Mykonos Wedding Cost: What to Budget for a Destination Wedding

  • Publication date: 06/26/2026
Content

The cost of getting married on the Greek island of Mykonos will depend on your requirements. For example, an intimate wedding with 20-30 guests would cost around $25,000. Conversely, a larger wedding held over multiple days at a premium cliff-top estate would cost over $200,000. Weddings with 60-80 guests held in a private villa or boutique hotel on a Saturday in June or September usually cost between $60,000 and $100,000. Wedding prices in Mykonos are generally higher than on other Greek islands for several reasons. These reasons are structural rather than arbitrary.

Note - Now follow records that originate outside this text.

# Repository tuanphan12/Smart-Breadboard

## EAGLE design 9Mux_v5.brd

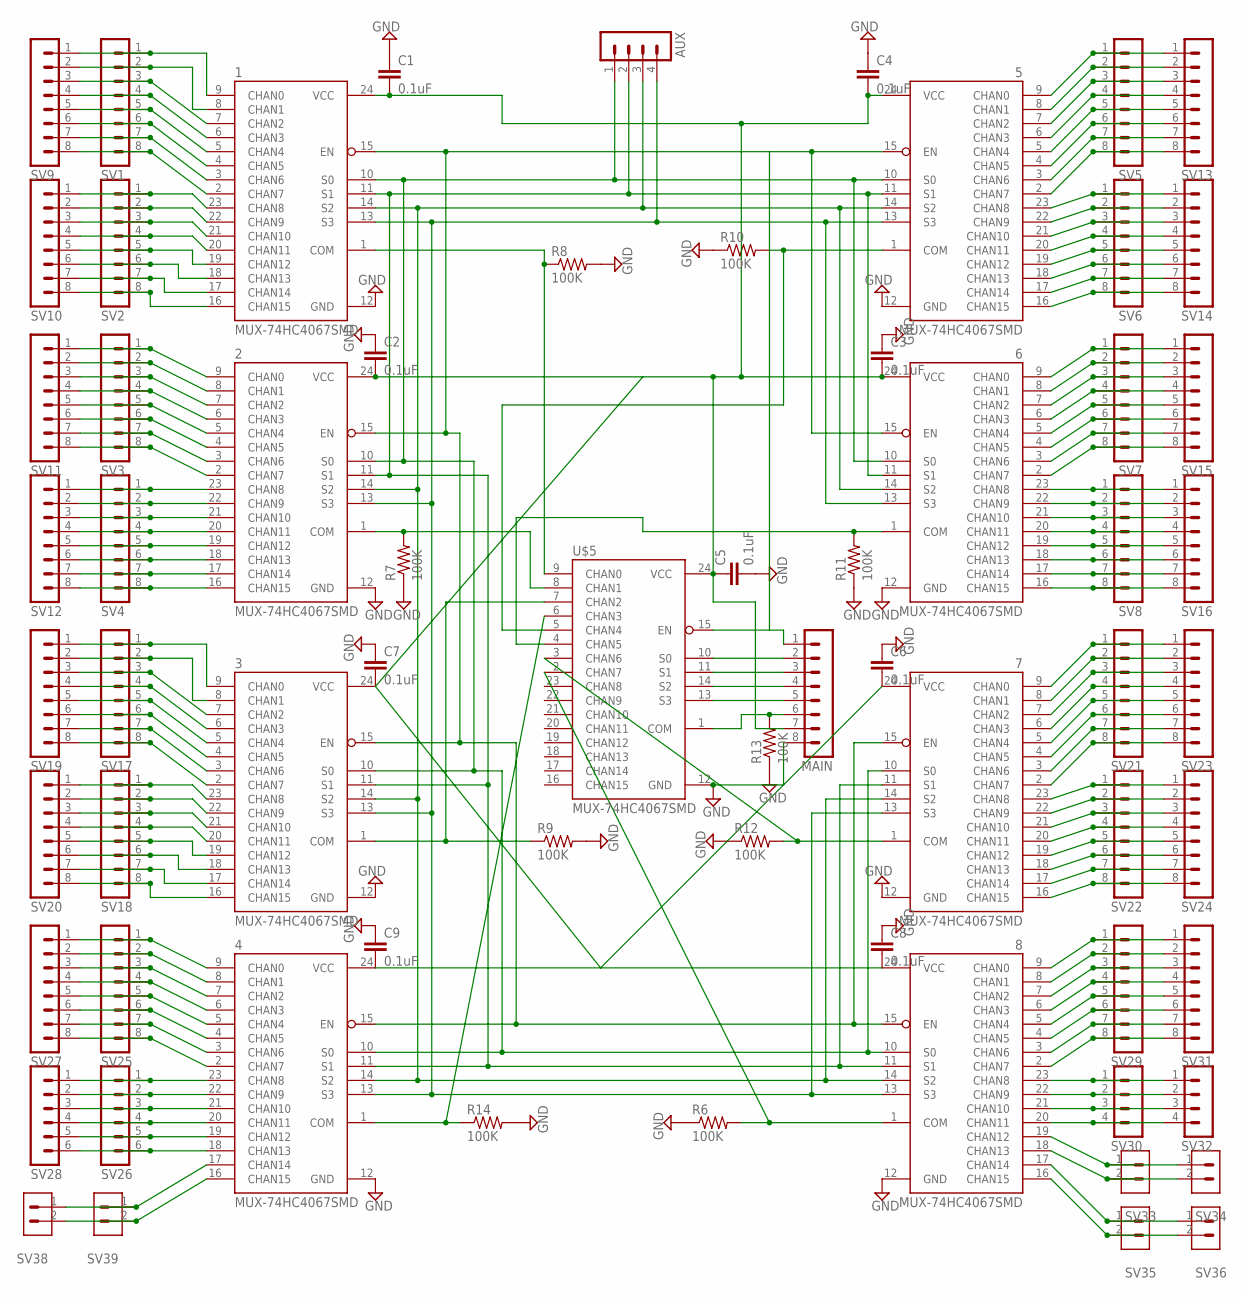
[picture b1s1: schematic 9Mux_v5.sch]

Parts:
1, 2, 3, 4, 5, 6, 7, 8: MUX-74HC4067SMD; SSOP24
AUX: MA04-1
C1, C2, C3, C4, C5, C6, C7, C8, C9: 0.1uF; 0603-CAP
MAIN: MA08-1
R6, R7, R8, R9, R10, R11, R12, R13, R14: 100K; 0603-RES
SV1, SV2, SV3, SV4, SV5, SV6, SV7, SV8, SV9, SV10, SV11, SV12, SV13, SV14, SV15, SV16, SV17, SV18, SV19, SV20, SV21, SV22, SV23, SV24, SV25, SV27, SV29, SV31: MA08-1
SV26, SV28: MA06-1
SV30, SV32: MA04-1
SV33, SV34, SV35, SV36, SV38, SV39: MA02-1; MA03-1
U$5: MUX-74HC4067SMD; SSOP24

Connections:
GND: 1.12 (GND), 2.12 (GND), 3.12 (GND), 4.12 (GND), 5.12 (GND), 6.12 (GND), 7.12 (GND), 8.12 (GND), C1.1, C2.1, C3.1, C4.1, C5.2, C6.1, C7.1, C8.1, C9.1, MAIN.8, R6.1, R7.1, R8.2, R9.2, R10.1, R11.1, R12.1, R13.1, R14.2, U$5.12 (GND)
MAIN: 1.11 (S1), 2.11 (S1), 3.11 (S1), 4.11 (S1), 5.11 (S1), 6.11 (S1), 7.11 (S1), 8.11 (S1), AUX.2
unnamed: 1.9 (CHAN0), SV1.1, SV9.1
unnamed: 1.8 (CHAN1), SV1.2, SV9.2
unnamed: 1.16 (CHAN15), SV2.8, SV10.8
unnamed: 1.17 (CHAN14), SV2.7, SV10.7
unnamed: 1.18 (CHAN13), SV2.6, SV10.6
unnamed: 2.8 (CHAN1), SV3.2, SV11.2
unnamed: 1.19 (CHAN12), SV2.5, SV10.5
unnamed: 1.20 (CHAN11), SV2.4, SV10.4
unnamed: 1.21 (CHAN10), SV2.3, SV10.3
unnamed: 1.22 (CHAN9), SV2.2, SV10.2
unnamed: 1.23 (CHAN8), SV2.1, SV10.1
unnamed: 1.7 (CHAN2), SV1.3, SV9.3
unnamed: 1.6 (CHAN3), SV1.4, SV9.4
unnamed: 1.5 (CHAN4), SV1.5, SV9.5
unnamed: 1.4 (CHAN5), SV1.6, SV9.6
unnamed: 1.3 (CHAN6), SV1.7, SV9.7
unnamed: 1.2 (CHAN7), SV1.8, SV9.8
unnamed: 2.9 (CHAN0), SV3.1, SV11.1
unnamed: 2.7 (CHAN2), SV3.3, SV11.3
unnamed: 2.6 (CHAN3), SV3.4, SV11.4
unnamed: 2.5 (CHAN4), SV3.5, SV11.5
unnamed: 5.5 (CHAN4), SV5.5, SV13.5
unnamed: 2.4 (CHAN5), SV3.6, SV11.6
unnamed: 2.3 (CHAN6), SV3.7, SV11.7
unnamed: 2.2 (CHAN7), SV3.8, SV11.8
unnamed: 2.23 (CHAN8), SV4.1, SV12.1
unnamed: 2.22 (CHAN9), SV4.2, SV12.2
unnamed: 2.21 (CHAN10), SV4.3, SV12.3
unnamed: 2.20 (CHAN11), SV4.4, SV12.4
unnamed: 2.19 (CHAN12), SV4.5, SV12.5
unnamed: 2.18 (CHAN13), SV4.6, SV12.6
unnamed: 2.17 (CHAN14), SV4.7, SV12.7
unnamed: 2.16 (CHAN15), SV4.8, SV12.8
unnamed: 5.9 (CHAN0), SV5.1, SV13.1
unnamed: 5.8 (CHAN1), SV5.2, SV13.2
unnamed: 5.7 (CHAN2), SV5.3, SV13.3
unnamed: 5.6 (CHAN3), SV5.4, SV13.4
unnamed: 5.4 (CHAN5), SV5.6, SV13.6
unnamed: 5.3 (CHAN6), SV5.7, SV13.7
unnamed: 5.2 (CHAN7), SV5.8, SV13.8
unnamed: 5.23 (CHAN8), SV6.1, SV14.1
unnamed: 5.22 (CHAN9), SV6.2, SV14.2
unnamed: 5.21 (CHAN10), SV6.3, SV14.3
unnamed: 5.20 (CHAN11), SV6.4, SV14.4
unnamed: 5.19 (CHAN12), SV6.5, SV14.5
unnamed: 5.18 (CHAN13), SV6.6, SV14.6
unnamed: 5.17 (CHAN14), SV6.7, SV14.7
unnamed: 5.16 (CHAN15), SV6.8, SV14.8
unnamed: 6.9 (CHAN0), SV7.1, SV15.1
unnamed: 6.8 (CHAN1), SV7.2, SV15.2
unnamed: 6.7 (CHAN2), SV7.3, SV15.3
unnamed: 6.6 (CHAN3), SV7.4, SV15.4
unnamed: 6.5 (CHAN4), SV7.5, SV15.5
unnamed: 1.10 (S0), 2.10 (S0), 3.10 (S0), 4.10 (S0), 5.10 (S0), 6.10 (S0), 7.10 (S0), 8.10 (S0), AUX.1
unnamed: 6.4 (CHAN5), SV7.6, SV15.6
unnamed: 1.14 (S2), 2.14 (S2), 3.14 (S2), 4.14 (S2), 5.14 (S2), 6.14 (S2), 7.14 (S2), 8.14 (S2), AUX.3
unnamed: 6.3 (CHAN6), SV7.7, SV15.7
unnamed: 6.2 (CHAN7), SV7.8, SV15.8
unnamed: 6.23 (CHAN8), SV8.1, SV16.1
unnamed: 1.13 (S3), 2.13 (S3), 3.13 (S3), 4.13 (S3), 5.13 (S3), 6.13 (S3), 7.13 (S3), 8.13 (S3), AUX.4
unnamed: 1.15 (EN), 2.15 (EN), 3.15 (EN), 4.15 (EN), 5.15 (EN), 6.15 (EN), 7.15 (EN), 8.15 (EN), MAIN.1, U$5.15 (EN)
unnamed: 6.22 (CHAN9), SV8.2, SV16.2
unnamed: 6.21 (CHAN10), SV8.3, SV16.3
unnamed: 6.20 (CHAN11), SV8.4, SV16.4
unnamed: 6.19 (CHAN12), SV8.5, SV16.5
unnamed: 6.18 (CHAN13), SV8.6, SV16.6
unnamed: 6.17 (CHAN14), SV8.7, SV16.7
unnamed: 6.16 (CHAN15), SV8.8, SV16.8
unnamed: 1.1 (COM), R8.1, U$5.9 (CHAN0)
unnamed: 3.9 (CHAN0), SV17.1, SV19.1
unnamed: 3.8 (CHAN1), SV17.2, SV19.2
unnamed: 3.16 (CHAN15), SV18.8, SV20.8
unnamed: 2.1 (COM), R7.2, U$5.8 (CHAN1)
unnamed: 6.1 (COM), R11.2, U$5.4 (CHAN5)
unnamed: 5.1 (COM), R10.2, U$5.5 (CHAN4)
unnamed: MAIN.2, U$5.10 (S0)
unnamed: MAIN.3, U$5.11 (S1)
unnamed: MAIN.4, U$5.14 (S2)
unnamed: MAIN.5, U$5.13 (S3)
unnamed: MAIN.6, R13.2, U$5.1 (COM)
unnamed: 3.17 (CHAN14), SV18.7, SV20.7
unnamed: 3.18 (CHAN13), SV18.6, SV20.6
unnamed: 3.19 (CHAN12), SV18.5, SV20.5
unnamed: 3.20 (CHAN11), SV18.4, SV20.4
unnamed: 3.21 (CHAN10), SV18.3, SV20.3
unnamed: 3.22 (CHAN9), SV18.2, SV20.2
unnamed: 3.23 (CHAN8), SV18.1, SV20.1
unnamed: 3.7 (CHAN2), SV17.3, SV19.3
unnamed: 3.6 (CHAN3), SV17.4, SV19.4
unnamed: 3.5 (CHAN4), SV17.5, SV19.5
unnamed: 3.4 (CHAN5), SV17.6, SV19.6
unnamed: 3.3 (CHAN6), SV17.7, SV19.7
unnamed: 3.2 (CHAN7), SV17.8, SV19.8
unnamed: 7.9 (CHAN0), SV21.1, SV23.1
unnamed: 7.8 (CHAN1), SV21.2, SV23.2
unnamed: 7.7 (CHAN2), SV21.3, SV23.3
unnamed: 7.6 (CHAN3), SV21.4, SV23.4
unnamed: 7.5 (CHAN4), SV21.5, SV23.5
unnamed: 7.4 (CHAN5), SV21.6, SV23.6
unnamed: 7.3 (CHAN6), SV21.7, SV23.7
unnamed: 7.2 (CHAN7), SV21.8, SV23.8
unnamed: 7.23 (CHAN8), SV22.1, SV24.1
unnamed: 7.22 (CHAN9), SV22.2, SV24.2
unnamed: 7.21 (CHAN10), SV22.3, SV24.3
unnamed: 7.20 (CHAN11), SV22.4, SV24.4
unnamed: 7.19 (CHAN12), SV22.5, SV24.5
unnamed: 7.18 (CHAN13), SV22.6, SV24.6
unnamed: 7.17 (CHAN14), SV22.7, SV24.7
unnamed: 7.16 (CHAN15), SV22.8, SV24.8
unnamed: 4.9 (CHAN0), SV25.1, SV27.1
unnamed: 4.8 (CHAN1), SV25.2, SV27.2
unnamed: 4.7 (CHAN2), SV25.3, SV27.3
unnamed: 4.6 (CHAN3), SV25.4, SV27.4
unnamed: 4.5 (CHAN4), SV25.5, SV27.5
unnamed: 4.4 (CHAN5), SV25.6, SV27.6
unnamed: 4.3 (CHAN6), SV25.7, SV27.7
unnamed: 4.2 (CHAN7), SV25.8, SV27.8
unnamed: 4.23 (CHAN8), SV26.1, SV28.1
unnamed: 4.22 (CHAN9), SV26.2, SV28.2
unnamed: 4.21 (CHAN10), SV26.3, SV28.3
unnamed: 4.20 (CHAN11), SV26.4, SV28.4
unnamed: 4.19 (CHAN12), SV26.5, SV28.5
unnamed: 4.18 (CHAN13), SV26.6, SV28.6
unnamed: 4.17 (CHAN14), SV38.1, SV39.1
unnamed: 4.16 (CHAN15), SV38.2, SV39.2
unnamed: 8.9 (CHAN0), SV29.1, SV31.1
unnamed: 8.8 (CHAN1), SV29.2, SV31.2
unnamed: 8.7 (CHAN2), SV29.3, SV31.3
unnamed: 8.6 (CHAN3), SV29.4, SV31.4
unnamed: 8.5 (CHAN4), SV29.5, SV31.5
unnamed: 8.4 (CHAN5), SV29.6, SV31.6
unnamed: 8.3 (CHAN6), SV29.7, SV31.7
unnamed: 8.2 (CHAN7), SV29.8, SV31.8
unnamed: 8.23 (CHAN8), SV30.1, SV32.1
unnamed: 8.22 (CHAN9), SV30.2, SV32.2
unnamed: 8.21 (CHAN10), SV30.3, SV32.3
unnamed: 8.20 (CHAN11), SV30.4, SV32.4
unnamed: 3.1 (COM), R9.1, U$5.7 (CHAN2)
unnamed: 7.1 (COM), R12.2, U$5.3 (CHAN6)
unnamed: 4.1 (COM), R14.1, U$5.6 (CHAN3)
unnamed: 8.1 (COM), R6.2, U$5.2 (CHAN7)
unnamed: 1.24 (VCC), 2.24 (VCC), 3.24 (VCC), 4.24 (VCC), 5.24 (VCC), 6.24 (VCC), 7.24 (VCC), 8.24 (VCC), C1.2, C2.2, C3.2, C4.2, C5.1, C6.2, C7.2, C8.2, C9.2, MAIN.7, U$5.24 (VCC)
unnamed: 8.19 (CHAN12), SV33.1, SV34.1
unnamed: 8.18 (CHAN13), SV33.2, SV34.2
unnamed: 8.17 (CHAN14), SV35.1, SV36.1
unnamed: 8.16 (CHAN15), SV35.2, SV36.2

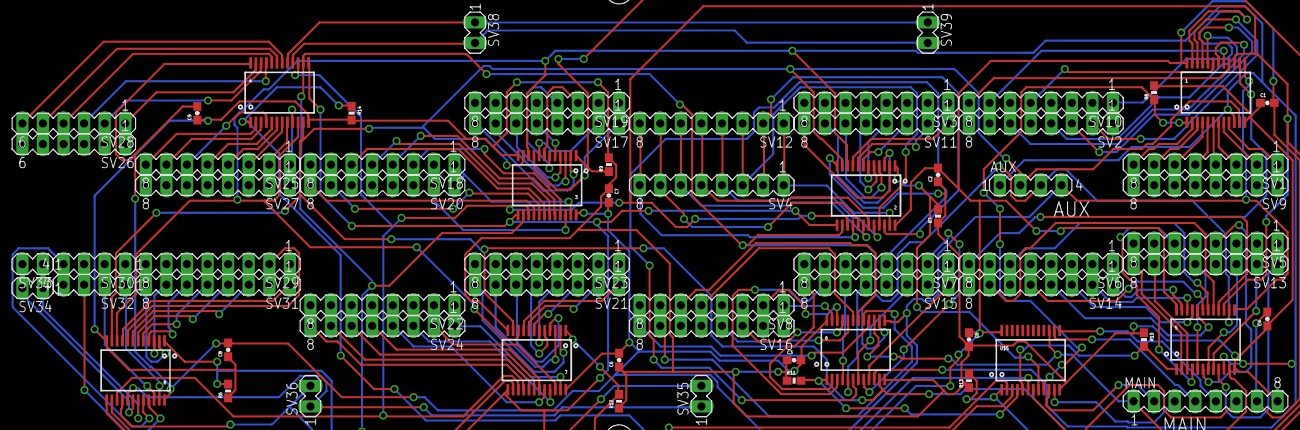
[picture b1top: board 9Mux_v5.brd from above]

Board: 2 copper layers, 67 parts (0 on the bottom side), 148 nets.

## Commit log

2017-04-04 documentation file
2017-04-04 added some comments to the teensy code
2017-04-04 reorganization
2017-04-04 added the schematic and the board files. Also the Gerber files
2017-04-04 new files
2017-04-04 update documentation
2017-04-05 changes in Teensy Breakout Board
2017-04-05 changes in the codes
2017-04-05 added the drill profile for the Gerber file
2017-04-05 updated documentation
2017-04-05 newer version to run continuously
2017-04-05 update 4/5/2017
2017-04-07 updates to the code. Can now graph using bokeh
2017-04-07 tidying up the codes a bit
2017-04-11 update with current items, 4/11/2017
2017-05-04 latest update 5/4/2017
2017-05-16 all changes as of 5/16/2017
2017-05-22 added laser cuts
2017-06-04 testing as of 6/4/17
2017-06-25 Adding some experimental data
2017-07-18 an attempt to use div_render
2017-07-18 latest lasercut
2017-07-18 I forgot to commit this one
2017-07-18 I forgot to push this one
2017-07-18 interface_dev adding for organizational purposes
2017-07-18 got Tuans code working
2017-07-19 updating rendering
2017-07-20 adding Joe's working code
2017-08-05 added the assembling instructions
2017-08-25 latest
2017-08-25 adding in joes working copy of code and python...auto connect to teensy 4Hz run rate/page updating
2017-09-05 files
2017-09-05 adding in ws2
2017-09-05 updating bokeh 12.7
2017-09-10 added datasheet of the 16 channel mux
2017-09-16 add Latex Documentation for the Breadboard! Yay! Nicer looking
2017-09-16 new experiments thing
2017-09-19 The code is working if you put the data directly into the file, I haven't had the chance to do some sort of import/export scheme yet
2018-05-30 rezipped file
2018-05-30 trying again
2018-05-30 rezip file

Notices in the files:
parts and their libraries:
SparkFun-AnalogIC: Licensing:Creative Commons ShareAlike 4.0 International - https://creativecommons.org/licenses/by-sa/4.0

From a structural perspective, Mykonos is at the top of the Greek destination wedding market for three reasons. Firstly, demand for weddings in Mykonos from abroad exceeds the island's capacity to meet it. Secondly, Mykonos' hospitality infrastructure reflects its status as a premium destination. Thirdly, the island's remote location means holding a wedding there is more expensive than on the mainland. Therefore, brides and grooms should familiarise themselves with the factors that contribute to the cost of a Mykonos wedding before speaking to vendors, as this will enable them to have a more productive conversation about their budget.

This guide aims to help brides and grooms understand the financial aspects of a Mykonos wedding, including vendor package contents, additional costs, and budget creation.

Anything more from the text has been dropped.